I can hide the PVC pretty well, only about 1" is exposed, the rest of the cave is under sand. So I just put them in spots with thick cover, near plants, under driftwood, beside a rock, ect. I'll see if I can get around to posting a pic and we will see if you guys can see them lol.


----------



## Sparrk (Oct 11, 2010)

mine love cichlids stones, I got some decorations too, as you can see the skull, they like those too!


----------



## BelieveInBlue (Jul 17, 2011)

I use terra cotta pots and PVC pipes for spawning, since all I care about is the eggs and fry, not how the tanks look. For display though, I use rocks (real ones) and driftwood to create caves and hiding spots.


----------



## Chromedome52 (Jul 25, 2009)

In the wild most of these species spawn on the underside of leaves, so just put down a layer of leaf litter if you want to match their habitat. I have seen this done using Oak leaves or Almond leaves. I would only do this for those species that absolutely require very soft, very acid conditions. This isn't as many species as most people seem to think.

I always found that my Apistos would choose a coconut shell over a flowerpot. For a larger species such as _cacatuoides_, they are a perfect size. Just bury it down into the gravel a bit, and don't put too big a hole in it, the female will dig out the inside to suit her needs. Many species' females don't want the male inside; believe it or not, he can actually do his "job" from the outside.

PVC is fine for a breeding setup, in a display tank I actually like the look of a coconut shell. If you don't like the coconut, use driftwood piled so that they can dig their own caves underneath it.

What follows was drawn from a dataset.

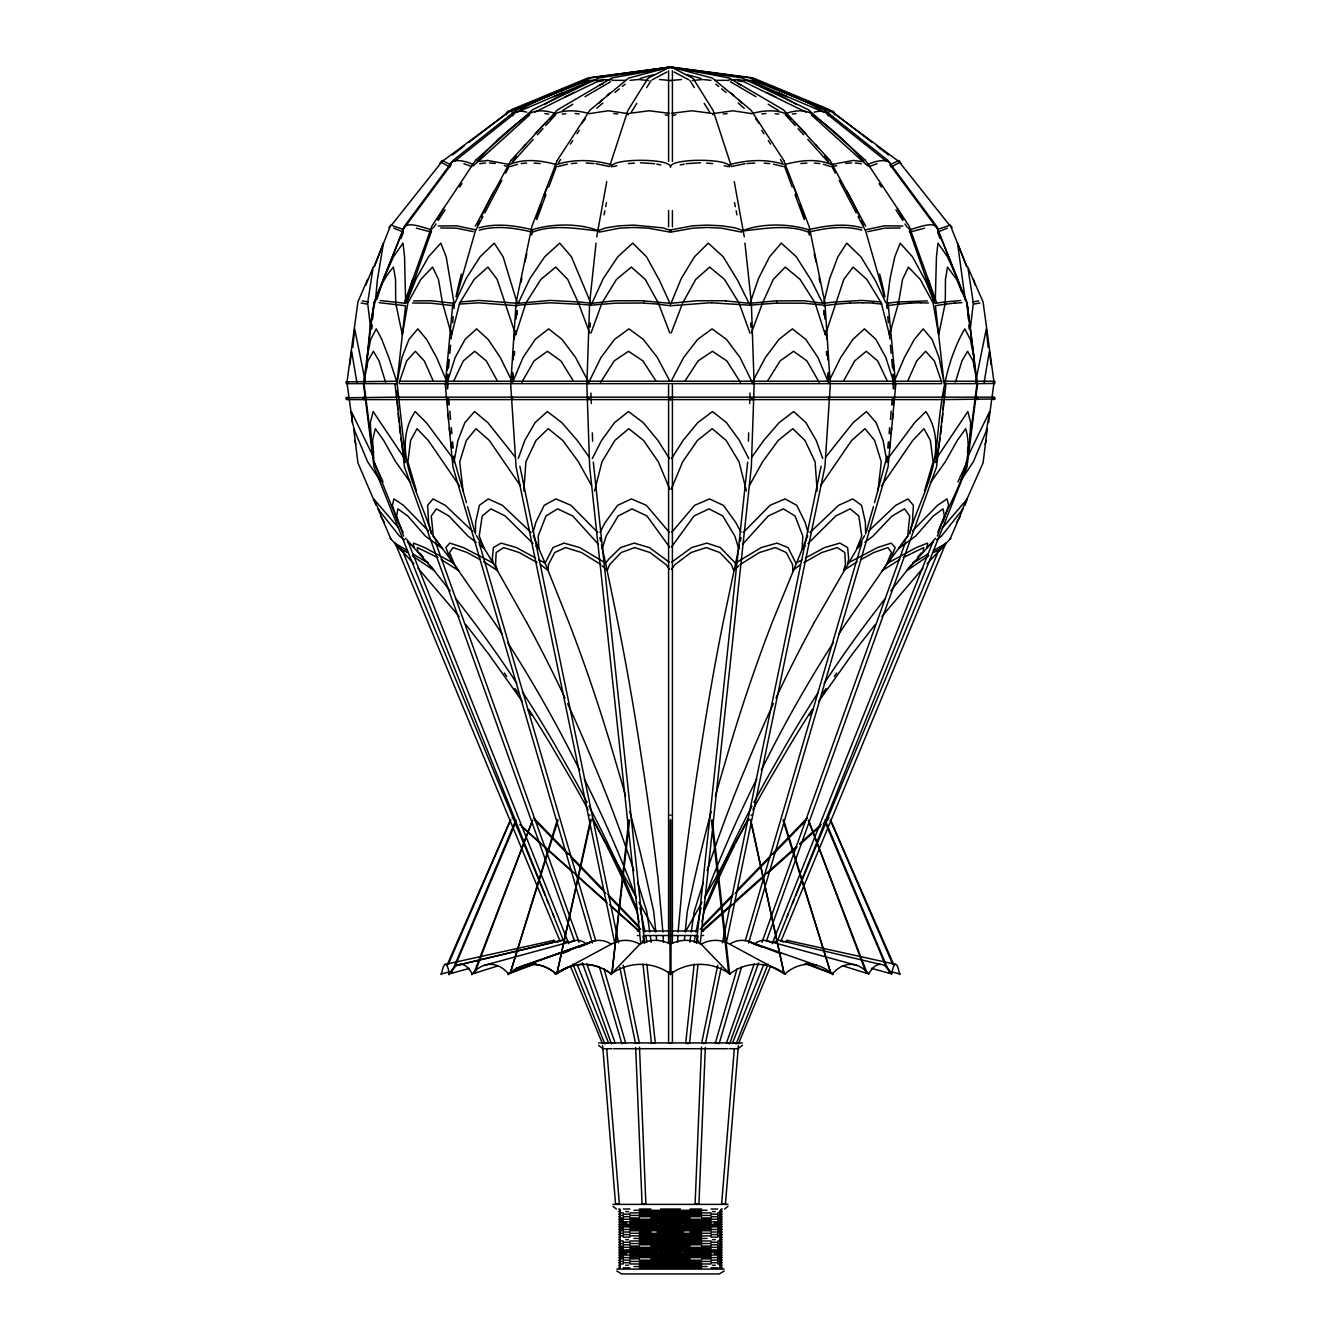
<?xml version="1.0" encoding="UTF-8"?>
<svg xmlns="http://www.w3.org/2000/svg" width="1341" height="1341" viewBox="0 0 1341 1341"><rect width="100%" height="100%" fill="white"/><g stroke="black" fill="none" stroke-linecap="round" stroke-linejoin="round"><path stroke-width="1.5" d="M935.314 300.535L936.437 256.818L937.979 243.14L947.551 256.818L958.094 280.621L961.665 291.668M475.385 533.969L475.619 522.269L479.391 505.339L488.258 498.919L502.406 505.339L531.053 532.511M349.817 364.819L351.644 351.292L356.857 382.42M928.643 555.811L906.818 570.629L927.402 547.581L927.536 543.105L916.305 547.581L887.658 563.136L846.674 622.308A1269.357 1099.302 -90 0 0 838.946 633.975M588.9 382.42L588.766 383.643L588.062 382.42M589.571 304.91L586.855 384.733L589.638 466.601L628.309 827.313M747.675 462.159L696.398 943.343M748.395 441.223L748.68 432.858M749.669 403.557L750.038 393.097M705.316 1047.572L698.929 1204.101L696.515 1204.134L695.107 1203.95L701.511 1047.12M677.557 942.27L677.892 936.152M678.11 932.062L682.955 878.506A1220.411 315.873 90 0 1 696.264 778.92L701.192 746.635A1269.357 328.528 -90 0 1 723.151 622.308L739.478 544.915M967.397 452.37L969.744 440.468L970.666 422.65L967.867 411.553L936.336 458.639M366.261 369.948C369.965 334.714 368.591 295.288 393.449 267.11L395.545 279.397L395.712 303.016L402.334 334.831L407.882 303.016L420.789 279.397L432.59 267.11L438.457 279.397L442.513 303.016L451.548 334.831L459.712 303.016L474.161 279.397L487.94 267.11L497.176 279.397L514.408 331.076M512.865 378.279L513.134 374.139M514.341 355.516L514.609 351.376M515.933 330.791L515.682 334.831L525.907 303.016L540.909 279.397L555.744 267.11L567.712 279.397L578.44 303.016L589.654 332.954M516.972 314.649L517.24 310.609M937.879 532.293C949.981 499.288 976.298 465.31 965.704 428.684L957.306 440.468L945.288 461.824L930.285 482.911M515.95 304.793L510.686 384.733L516.084 466.718L614.698 942.907M657.593 1224.367L618.737 1224.367M657.593 1252.477L618.737 1252.477M523.845 491.007L525.907 461.824L535.998 440.468L548.218 428.684L562.801 440.468L578.44 461.824L591.565 485.543M371.876 328.863L372.195 324.891M372.681 318.923L373.955 303.016M734.281 1048.913L721.642 1203.866L725.431 1204.184L738.355 1045.712M375.53 300.568L377.257 280.621L383.459 243.14L374.156 266.742L390.03 226.981M591.381 305.195L578.323 304.072M578.558 301.96L550.061 300.401L517.525 303.351M447.76 388.572L447.961 374.139M448.514 367.937L449.285 359.656M449.838 353.454L450.593 345.173M451.163 338.971L451.917 330.791M452.655 322.712L453.208 316.66M453.945 308.581L454.314 304.558M874.55 502.724L887.072 456.191M887.809 447.995L888.379 441.86M889.117 433.663L889.686 427.511M890.441 419.314L891.178 411.117M891.748 404.965L892.301 398.813M893.24 388.572L893.039 374.139M452.923 302.647L445.279 384.733L452.923 466.819L592.404 943.025M834.37 114.857C835.594 111.471 831.034 109.325 828.788 112.141M986.389 430.578L989.624 411.553L967.716 456.694M961.883 510.418L983.087 462.88L987.294 428.684L973.348 461.824L960.709 480.715M684.363 940.225L684.765 936.152M685.184 932.062L687.263 911.662L694.571 878.506A1220.411 610.205 90 0 1 711.199 811.623M923.128 552.526L923.647 547.581L903.231 557.554M589.638 302.865L596.041 243.073M596.711 236.888L606.752 181.555M697.99 964.38L689.542 1043.281L687.615 1043.6L685.704 1043.047L694.169 964.112M700.22 943.611L712.239 831.47M712.691 827.313L751.362 466.601L754.145 384.733L751.429 304.91M405.502 306.569L397.02 382.42L405.502 458.253M629.616 820.139L611.949 973.532L628.761 819.971M935.498 458.253C939.823 414.151 941.969 368.121 964.782 328.863L970.314 339.39L973.952 357.494L974.739 369.948M945.908 384.733L936.538 466.903L766.415 941.131M877.902 491.007L881.288 461.824L874.65 440.468L865.012 428.684L851.636 440.468L820.508 485.861M970.297 328.863L973.348 303.016L967.816 267.11L983.087 301.96L994.033 382.42L988.552 422.65M969.744 440.468L977.12 382.42L973.046 360.913L967.615 351.292L961.95 360.913L955.345 382.42M373.737 304.575L363.545 384.733L374.005 466.953L563.606 940.846M886.954 302.546L890.072 278.459L894.816 256.818L900.197 243.14L912.467 256.818L925.441 280.621L934.526 302.714M872.119 142.397L829.358 109.576L752.737 77.845L670.751 67.05L588.263 77.845L511.642 109.576L468.881 142.397M570.864 942.086A33.123 20.165 90 0 1 586.704 944.198A33.123 26.284 90 0 1 611.245 944.198A33.123 30.608 -90 0 1 639.825 944.198A33.123 32.838 -90 0 1 670.5 944.198A33.123 32.838 -90 0 1 701.175 944.198A33.123 30.608 -90 0 1 729.755 944.198L785.591 974.32L784.887 973.834A51.377 47.471 -90 0 0 767.119 965.436A51.377 47.471 -90 0 0 729.755 973.935A51.377 50.941 -90 0 0 670.5 973.935A51.377 50.941 -90 0 0 611.245 973.935A51.377 47.471 -90 0 0 556.029 973.935A51.377 40.766 -90 0 0 508.608 973.935A51.377 31.279 90 0 0 472.216 973.935A51.377 19.662 90 0 0 449.352 973.935A51.377 6.705 90 0 0 441.541 973.935L449.587 971.772M689.794 942.27L690.682 936.152M691.269 932.062L694.202 911.662L703.321 882.412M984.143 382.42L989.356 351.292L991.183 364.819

Rocks really are unnatural for Apistos, they are just adapting and using whatever hole they can find.


----------



## ahud (Aug 22, 2009)

I have tried leaf litter in the past, I like it, but it's really tough to keep clean and view the fish. With so many places to hide the fish do not have to come into view often. Perfect setup for those harder to breed apistos though, I think they feel a lot more comfortable.

Never used coconut shells.


----------



## DeadFishFloating (Oct 9, 2007)

I used to use the little clay pots a lot of aquarium plants are sold in. But a lot of the time my females preferred digging out caves under driftwood, usually mopani root wood.

You can see a half buried pot at the back of the tank.









Female in pot.









I also use agricultural piping in my tanks. It floats and provides a distressed or harassed fish some where to hide. I know it doesn't look pretty, but it works, and if you want to take a photo of your tank, just take it out for a short period. You can use anything from half inch to two inch diameter.


----------



## DeadFishFloating (Oct 9, 2007)

one final point. I'm not a fan of rock piles for dwarf cichlids that dig caves to spawn in. I lost a rather expensive female pelvicachromis taeniatus "dehane" and her clutch of eggs when her dug out cave collapsed on her over night.


----------